Историки, похоже, недооценивают факты, хорошо известные литературоведам. Речь идет о "футуризме" и близких к нему течениях модернизма, пышно расцветших в России начала XX века и преобладавших в "левых" течениях и организациях 20-х годов. Дело в том, что родоначальником этого течения был Маринетти (1876–1944), с 1919 года близкий сподвижник и духовный наставник Муссолини. В России Маринетти пользовался большой популярностью. Русские его последователи устраивали ему пышные встречи и переводили едва ли не все его книги.

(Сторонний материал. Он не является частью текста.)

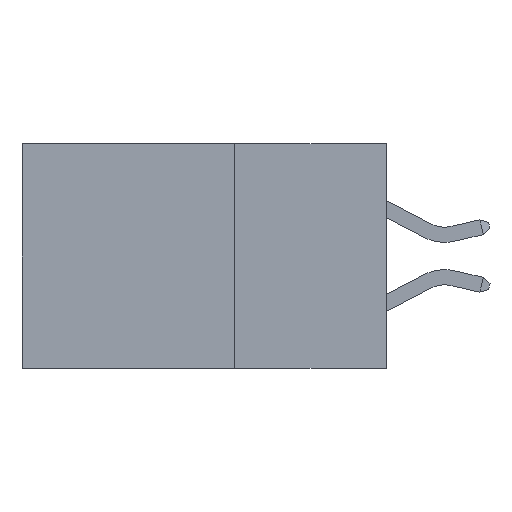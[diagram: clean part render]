
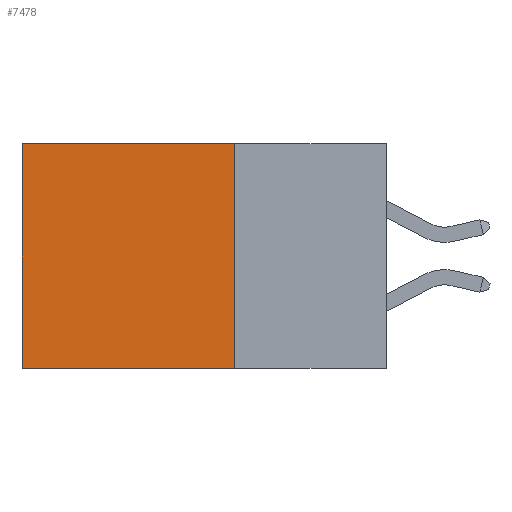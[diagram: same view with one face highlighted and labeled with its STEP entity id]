
A CAD part, left-side view. The second image highlights one B-rep face of the part: STEP entity #7478.
In plain terms, the highlighted planar face has unit normal (-1, 0, 0).
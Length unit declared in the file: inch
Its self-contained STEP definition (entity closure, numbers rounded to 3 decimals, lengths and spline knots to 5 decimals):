
#327 = DIRECTION ( 'NONE',  ( 0., 0., -1. ) ) ;
#1021 = ORIENTED_EDGE ( 'NONE', *, *, #3332, .F. ) ;
#1031 = VECTOR ( 'NONE', #3008, 39.37008 ) ;
#1075 = LINE ( 'NONE', #1382, #5824 ) ;
#1264 = LINE ( 'NONE', #2373, #3524 ) ;
#1382 = CARTESIAN_POINT ( 'NONE',  ( 0.2615, 0.25, 0. ) ) ;
#2076 = ORIENTED_EDGE ( 'NONE', *, *, #10481, .T. ) ;
#2218 = ORIENTED_EDGE ( 'NONE', *, *, #10248, .F. ) ;
#2341 = DIRECTION ( 'NONE',  ( 0., 0., -1. ) ) ;
#2373 = CARTESIAN_POINT ( 'NONE',  ( 0.2615, 0.6, -0.37 ) ) ;
#2550 = EDGE_CURVE ( 'NONE', #9025, #5037, #1264, .T. ) ;
#2947 = CARTESIAN_POINT ( 'NONE',  ( 0.2615, 0.25, -0.37 ) ) ;
#2989 = DIRECTION ( 'NONE',  ( 0., 1., 0. ) ) ;
#3008 = DIRECTION ( 'NONE',  ( 0., 0., -1. ) ) ;
#3041 = CARTESIAN_POINT ( 'NONE',  ( 0.2615, 0.25, -0.37 ) ) ;
#3332 = EDGE_CURVE ( 'NONE', #3348, #5037, #11156, .T. ) ;
#3348 = VERTEX_POINT ( 'NONE', #3041 ) ;
#3524 = VECTOR ( 'NONE', #2341, 39.37008 ) ;
#3811 = VECTOR ( 'NONE', #2989, 39.37008 ) ;
#3893 = LINE ( 'NONE', #7656, #1031 ) ;
#5037 = VERTEX_POINT ( 'NONE', #10482 ) ;
#5171 = DIRECTION ( 'NONE',  ( 0., 1., 0. ) ) ;
#5352 = CARTESIAN_POINT ( 'NONE',  ( 0.2615, 0.25, 0. ) ) ;
#5824 = VECTOR ( 'NONE', #5171, 39.37008 ) ;
#5983 = DIRECTION ( 'NONE',  ( 1., 0., 0. ) ) ;
#6077 = EDGE_LOOP ( 'NONE', ( #10397, #1021, #2218, #2076 ) ) ;
#6282 = AXIS2_PLACEMENT_3D ( 'NONE', #11460, #5983, #327 ) ;
#6675 = VERTEX_POINT ( 'NONE', #5352 ) ;
#6728 = FACE_OUTER_BOUND ( 'NONE', #6077, .T. ) ;
#7478 = ADVANCED_FACE ( 'NONE', ( #6728 ), #10565, .F. ) ;
#7656 = CARTESIAN_POINT ( 'NONE',  ( 0.2615, 0.25, -0.37 ) ) ;
#9025 = VERTEX_POINT ( 'NONE', #9899 ) ;
#9899 = CARTESIAN_POINT ( 'NONE',  ( 0.2615, 0.6, 0. ) ) ;
#10248 = EDGE_CURVE ( 'NONE', #6675, #3348, #3893, .T. ) ;
#10397 = ORIENTED_EDGE ( 'NONE', *, *, #2550, .T. ) ;
#10481 = EDGE_CURVE ( 'NONE', #6675, #9025, #1075, .T. ) ;
#10482 = CARTESIAN_POINT ( 'NONE',  ( 0.2615, 0.6, -0.37 ) ) ;
#10565 = PLANE ( 'NONE',  #6282 ) ;
#11156 = LINE ( 'NONE', #2947, #3811 ) ;
#11460 = CARTESIAN_POINT ( 'NONE',  ( 0.2615, 0.25, -0.37 ) ) ;

В сущности, все направление русского "махизма" с "Пролеткультом" и прочими организациями "неистовых ревнителей" шло в русле методологии и идеологии итальянского фашизма в области культуры. А к "махизму" склонялись у нас и большинство членов Политбюро, равно как ответственных деятелей культурного "фронта". Почти в тех же формах разрушительный настрой сохраняется и у современных "постмодернистов", хотя объект разрушения, естественно, изменился. И следует подчеркнуть, что нигилизм и зуд разрушения ни в коей мере не носил антиеврейского характера ни у итальянских, ни у российских футуристов. Напротив. В годы "военного коммунизма" Отделом изобразительного искусства Наркомпроса заведовал левый бундовец Давид Штеренберг, по аттестации Луначарского "решительный модернист", тесно связанный с футуристами Запада.
Естественно, что социально-политическая оценка фашизма политическими лидерами страны увязывалась с отношением К собственным "левым" движениям. А она тоже была непоследовательной и методологически не была выверенной. Отсюда неустойчивость позиций и у Сталина, и у Зиновьева, и у Бухарина вплоть до 20-х годов, когда закрепляется представление о социал-демократах как о "социал-фашистах (формула Зиновьева 1924 г.): так оценивался отход социал-демократии от идеи "мировой революции".
Фашизм начинал с резкой критики "плутократии" и масонства, как главного инструмента политического влияния финансового капитала и транснациональных корпораций. В 1925 году масонство было запрещено и некоторые масоны подверглись репрессиям. А уже после войны выявилось, что все лидеры фашизма оставались масонами высоких степеней розенкрейцерского, оккультно-мистического направления (Муссолини имел 30-ю степень посвящения), и через эту систему и отчасти католическую церковь (с которой и формально не порывали) и поддерживалась связь с высшими транснациональными центрами (см.: Лолий Замойский. За фасадом масонского храма. М., 1990, с. 206–207).